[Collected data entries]
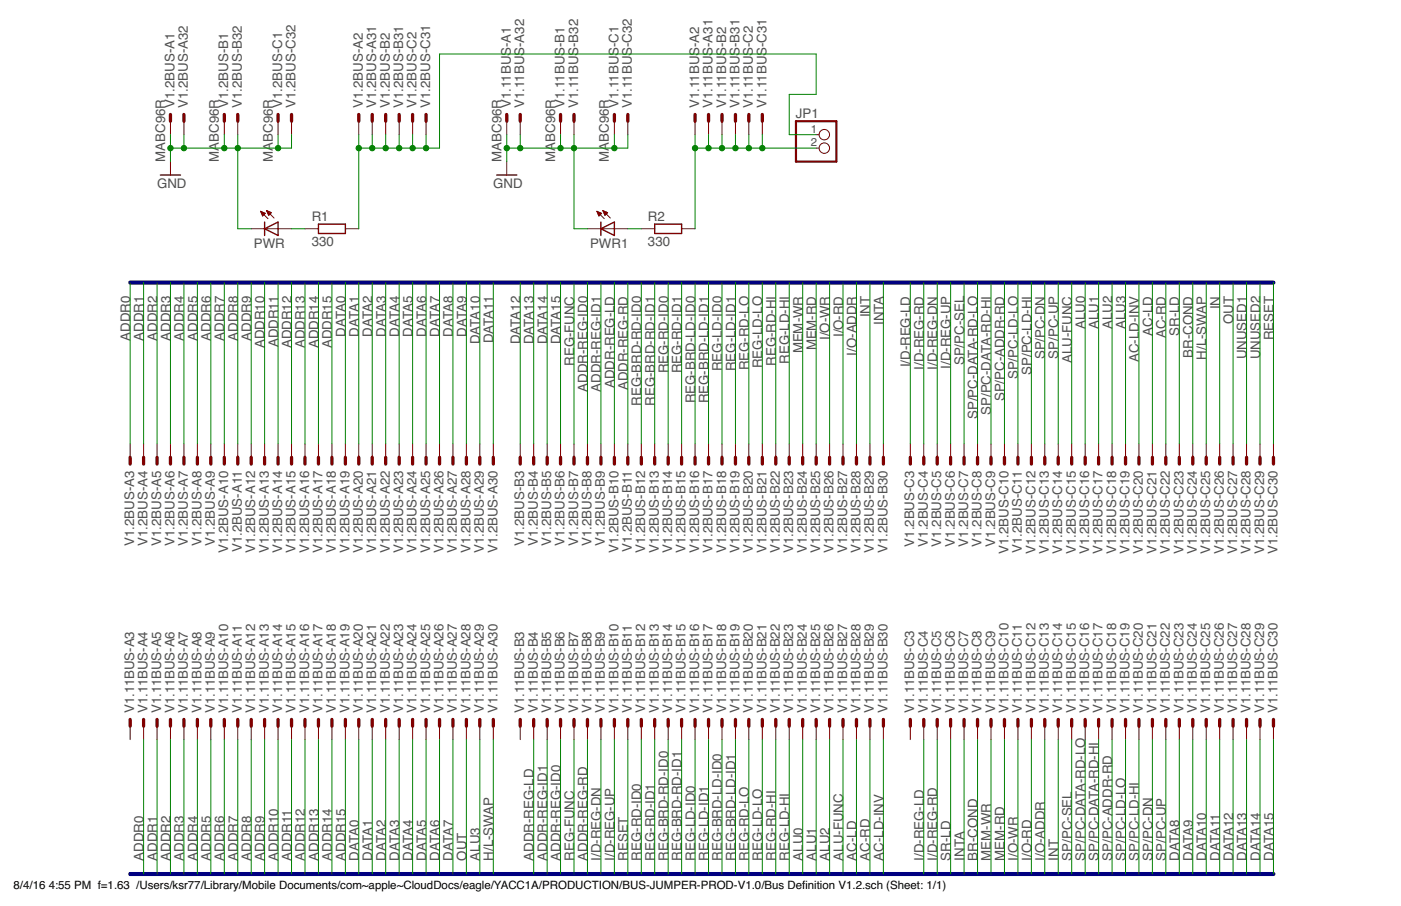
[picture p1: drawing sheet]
<svg xmlns="http://www.w3.org/2000/svg" width="432mm" height="279mm" viewBox="0 0 432 279" stroke-linecap="round" stroke-linejoin="round" font-family="sans-serif">
<g fill="none" stroke="#800000" stroke-width="1">
<path d="M52.5 35.3v2.1M56.7 35.3v2.1M69.1 35.3v2.1M73.3 35.3v2.1M85.7 35.3v2.1M89.9 35.3v2.1M110.6 35.3v2.1M114.7 35.3v2.1M118.9 35.3v2.1M123 35.3v2.1M127.2 35.3v2.1M131.3 35.3v2.1"/>
<path d="M156.2 35.3v2.1M160.3 35.3v2.1M172.8 35.3v2.1M176.9 35.3v2.1M189.4 35.3v2.1M193.5 35.3v2.1M214.2 35.3v2.1M218.4 35.3v2.1M222.5 35.3v2.1M226.7 35.3v2.1M230.8 35.3v2.1M234.9 35.3v2.1"/>
<path d="M40.1 141v2.1M44.3 141v2.1M48.4 141v2.1M52.5 141v2.1M56.7 141v2.1M60.8 141v2.1M65 141v2.1M69.1 141v2.1M73.3 141v2.1M77.4 141v2.1M81.6 141v2.1M85.7 141v2.1"/>
<path d="M89.9 141v2.1M94 141v2.1M98.1 141v2.1M102.3 141v2.1M106.4 141v2.1M110.6 141v2.1M114.7 141v2.1M118.9 141v2.1M123 141v2.1M127.2 141v2.1M131.3 141v2.1M135.5 141v2.1"/>
<path d="M139.6 141v2.1M143.7 141v2.1M147.9 141v2.1M152 141v2.1M160.3 141v2.1M164.5 141v2.1M168.6 141v2.1M172.8 141v2.1M176.9 141v2.1M181.1 141v2.1M185.2 141v2.1M189.4 141v2.1"/>
<path d="M193.5 141v2.1M197.7 141v2.1M201.8 141v2.1M205.9 141v2.1M210.1 141v2.1M214.2 141v2.1M218.4 141v2.1M222.5 141v2.1M226.7 141v2.1M230.8 141v2.1M234.9 141v2.1M239.1 141v2.1"/>
<path d="M243.2 141v2.1M247.4 141v2.1M251.5 141v2.1M255.7 141v2.1M259.8 141v2.1M264 141v2.1M268.1 141v2.1M272.3 141v2.1M280.6 141v2.1M284.7 141v2.1M288.9 141v2.1M293 141v2.1"/>
<path d="M297.1 141v2.1M301.3 141v2.1M305.4 141v2.1M309.6 141v2.1M313.7 141v2.1M317.9 141v2.1M322 141v2.1M326.2 141v2.1M330.3 141v2.1M334.5 141v2.1M338.6 141v2.1M342.8 141v2.1"/>
<path d="M346.9 141v2.1M351 141v2.1M355.2 141v2.1M359.3 141v2.1M363.5 141v2.1M367.6 141v2.1M371.8 141v2.1M375.9 141v2.1M380 141v2.1M384.2 141v2.1M388.3 141v2.1M392.5 141v2.1"/>
<path d="M40.1 221.9v2M44.3 221.9v2M48.4 221.9v2M52.5 221.9v2M56.7 221.9v2M60.8 221.9v2M65 221.9v2M69.1 221.9v2M73.3 221.9v2M77.4 221.9v2M81.6 221.9v2M85.7 221.9v2"/>
<path d="M89.9 221.9v2M94 221.9v2M98.1 221.9v2M102.3 221.9v2M106.4 221.9v2M110.6 221.9v2M114.7 221.9v2M118.9 221.9v2M123 221.9v2M127.2 221.9v2M131.3 221.9v2M135.5 221.9v2"/>
<path d="M139.6 221.9v2M143.7 221.9v2M147.9 221.9v2M152 221.9v2M160.3 221.9v2M164.5 221.9v2M168.6 221.9v2M172.8 221.9v2M176.9 221.9v2M181.1 221.9v2M185.2 221.9v2M189.4 221.9v2"/>
<path d="M193.5 221.9v2M197.7 221.9v2M201.8 221.9v2M205.9 221.9v2M210.1 221.9v2M214.2 221.9v2M218.4 221.9v2M222.5 221.9v2M226.7 221.9v2M230.8 221.9v2M234.9 221.9v2M239.1 221.9v2"/>
<path d="M243.2 221.9v2M247.4 221.9v2M251.5 221.9v2M255.7 221.9v2M259.8 221.9v2M264 221.9v2M268.1 221.9v2M272.3 221.9v2M280.6 221.9v2M284.7 221.9v2M288.9 221.9v2M293 221.9v2"/>
<path d="M297.1 221.9v2M301.3 221.9v2M305.4 221.9v2M309.6 221.9v2M313.7 221.9v2M317.9 221.9v2M322 221.9v2M326.2 221.9v2M330.3 221.9v2M334.5 221.9v2M338.6 221.9v2M342.8 221.9v2"/>
<path d="M346.9 221.9v2M351 221.9v2M355.2 221.9v2M359.3 221.9v2M363.5 221.9v2M367.6 221.9v2M371.8 221.9v2M375.9 221.9v2M380 221.9v2M384.2 221.9v2M388.3 221.9v2M392.5 221.9v2"/>
</g>
<g fill="none" stroke="#800000" stroke-width=".31">
<path d="M52.5 37.4v4.1M56.7 37.4v4.1M69.1 37.4v4.1M73.3 37.4v4.1M85.7 37.4v4.1M89.9 37.4v4.1M110.6 37.4v4.1M114.7 37.4v4.1M118.9 37.4v4.1M123 37.4v4.1M127.2 37.4v4.1M131.3 37.4v4.1"/>
<path d="M156.2 37.4v4.1M160.3 37.4v4.1M172.8 37.4v4.1M176.9 37.4v4.1M189.4 37.4v4.1M193.5 37.4v4.1M214.2 37.4v4.1M218.4 37.4v4.1M222.5 37.4v4.1M226.7 37.4v4.1M230.8 37.4v4.1M234.9 37.4v4.1"/>
<path d="M52.5 49.8v4.2M156.2 49.8v4.2M251.5 41.5h1M251.5 45.7h1M77.4 70.5h12.5M80.3 65.2l2.3 2.2M80.3 65.2h.1M80.3 65.2l1.5 .6-.9 .8zM80.4 65.4h.5M80.5 65.6h.9M80.6 65.8h1.1M80.7 66.1h.8"/>
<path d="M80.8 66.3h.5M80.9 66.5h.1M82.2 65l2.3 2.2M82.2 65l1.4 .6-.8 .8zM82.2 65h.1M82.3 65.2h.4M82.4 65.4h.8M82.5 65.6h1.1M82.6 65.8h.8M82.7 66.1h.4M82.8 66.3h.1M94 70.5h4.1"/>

* **ACTIVITY**: The result should be every line of the data, reproduced exactly, with the images removed.

* **RESULT FOR THIS TASK**:
[picture p1: drawing sheet]
<svg xmlns="http://www.w3.org/2000/svg" width="432mm" height="279mm" viewBox="0 0 432 279" stroke-linecap="round" stroke-linejoin="round" font-family="sans-serif">
<g fill="none" stroke="#800000" stroke-width="1">
<path d="M52.5 35.3v2.1M56.7 35.3v2.1M69.1 35.3v2.1M73.3 35.3v2.1M85.7 35.3v2.1M89.9 35.3v2.1M110.6 35.3v2.1M114.7 35.3v2.1M118.9 35.3v2.1M123 35.3v2.1M127.2 35.3v2.1M131.3 35.3v2.1"/>
<path d="M156.2 35.3v2.1M160.3 35.3v2.1M172.8 35.3v2.1M176.9 35.3v2.1M189.4 35.3v2.1M193.5 35.3v2.1M214.2 35.3v2.1M218.4 35.3v2.1M222.5 35.3v2.1M226.7 35.3v2.1M230.8 35.3v2.1M234.9 35.3v2.1"/>
<path d="M40.1 141v2.1M44.3 141v2.1M48.4 141v2.1M52.5 141v2.1M56.7 141v2.1M60.8 141v2.1M65 141v2.1M69.1 141v2.1M73.3 141v2.1M77.4 141v2.1M81.6 141v2.1M85.7 141v2.1"/>
<path d="M89.9 141v2.1M94 141v2.1M98.1 141v2.1M102.3 141v2.1M106.4 141v2.1M110.6 141v2.1M114.7 141v2.1M118.9 141v2.1M123 141v2.1M127.2 141v2.1M131.3 141v2.1M135.5 141v2.1"/>
<path d="M139.6 141v2.1M143.7 141v2.1M147.9 141v2.1M152 141v2.1M160.3 141v2.1M164.5 141v2.1M168.6 141v2.1M172.8 141v2.1M176.9 141v2.1M181.1 141v2.1M185.2 141v2.1M189.4 141v2.1"/>
<path d="M193.5 141v2.1M197.7 141v2.1M201.8 141v2.1M205.9 141v2.1M210.1 141v2.1M214.2 141v2.1M218.4 141v2.1M222.5 141v2.1M226.7 141v2.1M230.8 141v2.1M234.9 141v2.1M239.1 141v2.1"/>
<path d="M243.2 141v2.1M247.4 141v2.1M251.5 141v2.1M255.7 141v2.1M259.8 141v2.1M264 141v2.1M268.1 141v2.1M272.3 141v2.1M280.6 141v2.1M284.7 141v2.1M288.9 141v2.1M293 141v2.1"/>
<path d="M297.1 141v2.1M301.3 141v2.1M305.4 141v2.1M309.6 141v2.1M313.7 141v2.1M317.9 141v2.1M322 141v2.1M326.2 141v2.1M330.3 141v2.1M334.5 141v2.1M338.6 141v2.1M342.8 141v2.1"/>
<path d="M346.9 141v2.1M351 141v2.1M355.2 141v2.1M359.3 141v2.1M363.5 141v2.1M367.6 141v2.1M371.8 141v2.1M375.9 141v2.1M380 141v2.1M384.2 141v2.1M388.3 141v2.1M392.5 141v2.1"/>
<path d="M40.1 221.9v2M44.3 221.9v2M48.4 221.9v2M52.5 221.9v2M56.7 221.9v2M60.8 221.9v2M65 221.9v2M69.1 221.9v2M73.3 221.9v2M77.4 221.9v2M81.6 221.9v2M85.7 221.9v2"/>
<path d="M89.9 221.9v2M94 221.9v2M98.1 221.9v2M102.3 221.9v2M106.4 221.9v2M110.6 221.9v2M114.7 221.9v2M118.9 221.9v2M123 221.9v2M127.2 221.9v2M131.3 221.9v2M135.5 221.9v2"/>
<path d="M139.6 221.9v2M143.7 221.9v2M147.9 221.9v2M152 221.9v2M160.3 221.9v2M164.5 221.9v2M168.6 221.9v2M172.8 221.9v2M176.9 221.9v2M181.1 221.9v2M185.2 221.9v2M189.4 221.9v2"/>
<path d="M193.5 221.9v2M197.7 221.9v2M201.8 221.9v2M205.9 221.9v2M210.1 221.9v2M214.2 221.9v2M218.4 221.9v2M222.5 221.9v2M226.7 221.9v2M230.8 221.9v2M234.9 221.9v2M239.1 221.9v2"/>
<path d="M243.2 221.9v2M247.4 221.9v2M251.5 221.9v2M255.7 221.9v2M259.8 221.9v2M264 221.9v2M268.1 221.9v2M272.3 221.9v2M280.6 221.9v2M284.7 221.9v2M288.9 221.9v2M293 221.9v2"/>
<path d="M297.1 221.9v2M301.3 221.9v2M305.4 221.9v2M309.6 221.9v2M313.7 221.9v2M317.9 221.9v2M322 221.9v2M326.2 221.9v2M330.3 221.9v2M334.5 221.9v2M338.6 221.9v2M342.8 221.9v2"/>
<path d="M346.9 221.9v2M351 221.9v2M355.2 221.9v2M359.3 221.9v2M363.5 221.9v2M367.6 221.9v2M371.8 221.9v2M375.9 221.9v2M380 221.9v2M384.2 221.9v2M388.3 221.9v2M392.5 221.9v2"/>
</g>
<g fill="none" stroke="#800000" stroke-width=".31">
<path d="M52.5 37.4v4.1M56.7 37.4v4.1M69.1 37.4v4.1M73.3 37.4v4.1M85.7 37.4v4.1M89.9 37.4v4.1M110.6 37.4v4.1M114.7 37.4v4.1M118.9 37.4v4.1M123 37.4v4.1M127.2 37.4v4.1M131.3 37.4v4.1"/>
<path d="M156.2 37.4v4.1M160.3 37.4v4.1M172.8 37.4v4.1M176.9 37.4v4.1M189.4 37.4v4.1M193.5 37.4v4.1M214.2 37.4v4.1M218.4 37.4v4.1M222.5 37.4v4.1M226.7 37.4v4.1M230.8 37.4v4.1M234.9 37.4v4.1"/>
<path d="M52.5 49.8v4.2M156.2 49.8v4.2M251.5 41.5h1M251.5 45.7h1M77.4 70.5h12.5M80.3 65.2l2.3 2.2M80.3 65.2h.1M80.3 65.2l1.5 .6-.9 .8zM80.4 65.4h.5M80.5 65.6h.9M80.6 65.8h1.1M80.7 66.1h.8"/>
<path d="M80.8 66.3h.5M80.9 66.5h.1M82.2 65l2.3 2.2M82.2 65l1.4 .6-.8 .8zM82.2 65h.1M82.3 65.2h.4M82.4 65.4h.8M82.5 65.6h1.1M82.6 65.8h.8M82.7 66.1h.4M82.8 66.3h.1M94 70.5h4.1"/>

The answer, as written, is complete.